A flower originates from a flower bud. It is defined as a set of organs (modified leaves) that form the reproductive system of flowering plants.

Parts of a Flower

• Peduncle: The cylindrical portion of the flower that attaches it to the stem. It contains a vascular bundle that provides support and carries sap to the receptacle and floral cycles. When the flower lacks a peduncle, it is sessile.
• Receptacle: The widened end of the peduncle where the floral cycles are inserted.
• Floral Cycles: A set of modified leaves with different forms and functions.

Cycles of a Flower

1. Calyx: Composed of modified leaves called sepals.
2. Corolla: Formed by modified leaves called petals.
3. Androecium: Formed by modified leaves called stamens.
4. Gynoecium: Formed by modified leaves called carpels.

The calyx and corolla are the protective cycles, while the stamens and gynoecium are the reproductive cycles.

The Calyx

The calyx is the first cycle of the flower, usually green and visible when the flower is in bud stage. The sepals can be separated (dialysepalous) or joined (gamosepalous). Based on its duration, the calyx can be:

1. Obsolete: Falls off when the corolla opens.
2. Deciduous: Falls off with the corolla.
3. Persistent: Survives after the corolla falls, accompanying the fruit.

The Androecium

The androecium is the male cycle of the flower, consisting of stamens. The stamens can be separated or united. The number of stamens varies among flower species.

Pollination

Pollination is the transfer of pollen grains from the anther of a stamen to the stigma of a carpel. It can be natural or artificial.

Artificial Pollination

Humans are involved in carrying pollen from one flower to the stigma of another. It can be direct or indirect.

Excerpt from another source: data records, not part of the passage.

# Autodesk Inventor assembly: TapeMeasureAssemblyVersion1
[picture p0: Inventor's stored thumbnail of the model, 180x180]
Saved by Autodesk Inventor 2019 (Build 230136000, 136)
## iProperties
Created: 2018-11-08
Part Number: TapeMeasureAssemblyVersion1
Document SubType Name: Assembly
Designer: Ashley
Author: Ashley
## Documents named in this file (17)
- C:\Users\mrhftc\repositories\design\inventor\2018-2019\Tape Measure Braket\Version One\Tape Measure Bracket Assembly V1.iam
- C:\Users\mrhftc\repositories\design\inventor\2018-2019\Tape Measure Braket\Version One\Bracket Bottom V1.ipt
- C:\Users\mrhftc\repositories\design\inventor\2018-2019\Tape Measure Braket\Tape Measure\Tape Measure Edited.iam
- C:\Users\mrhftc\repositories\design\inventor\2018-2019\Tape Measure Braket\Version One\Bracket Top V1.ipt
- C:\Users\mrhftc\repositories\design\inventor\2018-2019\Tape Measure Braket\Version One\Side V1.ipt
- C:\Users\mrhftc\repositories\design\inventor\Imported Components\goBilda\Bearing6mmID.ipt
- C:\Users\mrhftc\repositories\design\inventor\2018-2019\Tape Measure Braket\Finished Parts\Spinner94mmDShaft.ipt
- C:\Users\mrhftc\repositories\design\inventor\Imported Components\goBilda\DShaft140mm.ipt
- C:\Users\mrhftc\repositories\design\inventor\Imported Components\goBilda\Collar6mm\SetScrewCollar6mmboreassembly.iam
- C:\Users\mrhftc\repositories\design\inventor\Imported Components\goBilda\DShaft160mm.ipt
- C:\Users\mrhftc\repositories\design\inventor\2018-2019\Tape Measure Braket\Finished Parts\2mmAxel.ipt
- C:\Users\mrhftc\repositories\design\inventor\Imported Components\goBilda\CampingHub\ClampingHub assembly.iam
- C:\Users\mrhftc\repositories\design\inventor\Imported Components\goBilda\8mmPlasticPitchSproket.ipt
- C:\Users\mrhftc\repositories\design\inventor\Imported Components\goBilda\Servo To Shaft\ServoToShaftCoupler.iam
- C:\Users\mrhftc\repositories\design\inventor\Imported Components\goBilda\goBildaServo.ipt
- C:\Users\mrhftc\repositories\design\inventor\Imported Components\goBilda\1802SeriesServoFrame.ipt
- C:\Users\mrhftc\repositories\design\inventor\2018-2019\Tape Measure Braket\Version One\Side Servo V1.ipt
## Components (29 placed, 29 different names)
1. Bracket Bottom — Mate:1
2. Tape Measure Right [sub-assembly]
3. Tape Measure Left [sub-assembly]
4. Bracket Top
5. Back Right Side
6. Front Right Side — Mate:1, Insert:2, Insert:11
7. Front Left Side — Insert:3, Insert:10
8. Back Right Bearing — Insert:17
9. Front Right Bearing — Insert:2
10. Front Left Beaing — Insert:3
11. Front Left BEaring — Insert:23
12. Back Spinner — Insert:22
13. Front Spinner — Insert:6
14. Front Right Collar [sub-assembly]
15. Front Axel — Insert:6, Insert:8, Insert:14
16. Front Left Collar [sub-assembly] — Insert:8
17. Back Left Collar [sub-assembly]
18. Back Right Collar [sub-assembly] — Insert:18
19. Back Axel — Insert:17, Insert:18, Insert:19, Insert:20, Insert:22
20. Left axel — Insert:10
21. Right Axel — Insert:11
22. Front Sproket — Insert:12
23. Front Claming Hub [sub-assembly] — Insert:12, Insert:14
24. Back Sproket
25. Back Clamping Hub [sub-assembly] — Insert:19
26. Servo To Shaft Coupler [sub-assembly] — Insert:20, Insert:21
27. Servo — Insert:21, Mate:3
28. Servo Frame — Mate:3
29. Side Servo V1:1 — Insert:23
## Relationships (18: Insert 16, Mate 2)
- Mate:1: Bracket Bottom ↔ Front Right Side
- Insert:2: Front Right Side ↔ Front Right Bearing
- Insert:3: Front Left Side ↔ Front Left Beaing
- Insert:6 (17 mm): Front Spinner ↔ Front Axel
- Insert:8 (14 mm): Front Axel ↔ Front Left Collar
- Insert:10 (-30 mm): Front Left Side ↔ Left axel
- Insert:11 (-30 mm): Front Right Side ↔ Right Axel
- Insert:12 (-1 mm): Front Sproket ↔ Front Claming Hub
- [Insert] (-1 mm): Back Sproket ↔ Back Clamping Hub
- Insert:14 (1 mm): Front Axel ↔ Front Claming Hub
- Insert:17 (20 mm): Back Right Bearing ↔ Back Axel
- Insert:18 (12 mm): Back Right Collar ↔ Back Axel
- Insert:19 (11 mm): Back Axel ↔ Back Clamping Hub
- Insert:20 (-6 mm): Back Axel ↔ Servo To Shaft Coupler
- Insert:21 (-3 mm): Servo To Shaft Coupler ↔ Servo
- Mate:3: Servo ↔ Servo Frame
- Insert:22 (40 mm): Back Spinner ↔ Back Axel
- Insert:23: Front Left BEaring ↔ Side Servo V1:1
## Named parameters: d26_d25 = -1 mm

• Direct: Pollen falls directly from the anther onto the stigma of a carpel.
• Indirect: Various actors are involved in carrying the pollen from an anther to a stigma. The most active agents are wind and insects.

Natural Pollination

Nature intervenes in natural pollination. It can be direct or indirect.

• Direct: Pollen falls from the stamens of a flower located higher than another flower. This occurs in many hermaphrodite flowers. For this self-fertilization (autogamy) to be complete, three factors are required:
  1. Simultaneous maturation of stamens and carpels.
  2. Stamens higher than carpels.
  3. Dehiscence of the anther facing the stigma.
• Reasons for Self-fertilization Failure:
  1. Dehiscence occurs on the opposite side of the anther from the stigma.
  2. Even if the stamens are higher and dehiscence is towards the stigma, the stamens may ripen first and be pollinated with pollen from another flower.
  3. Stamens are shorter than the carpels, and the anthers do not reach the stigmas.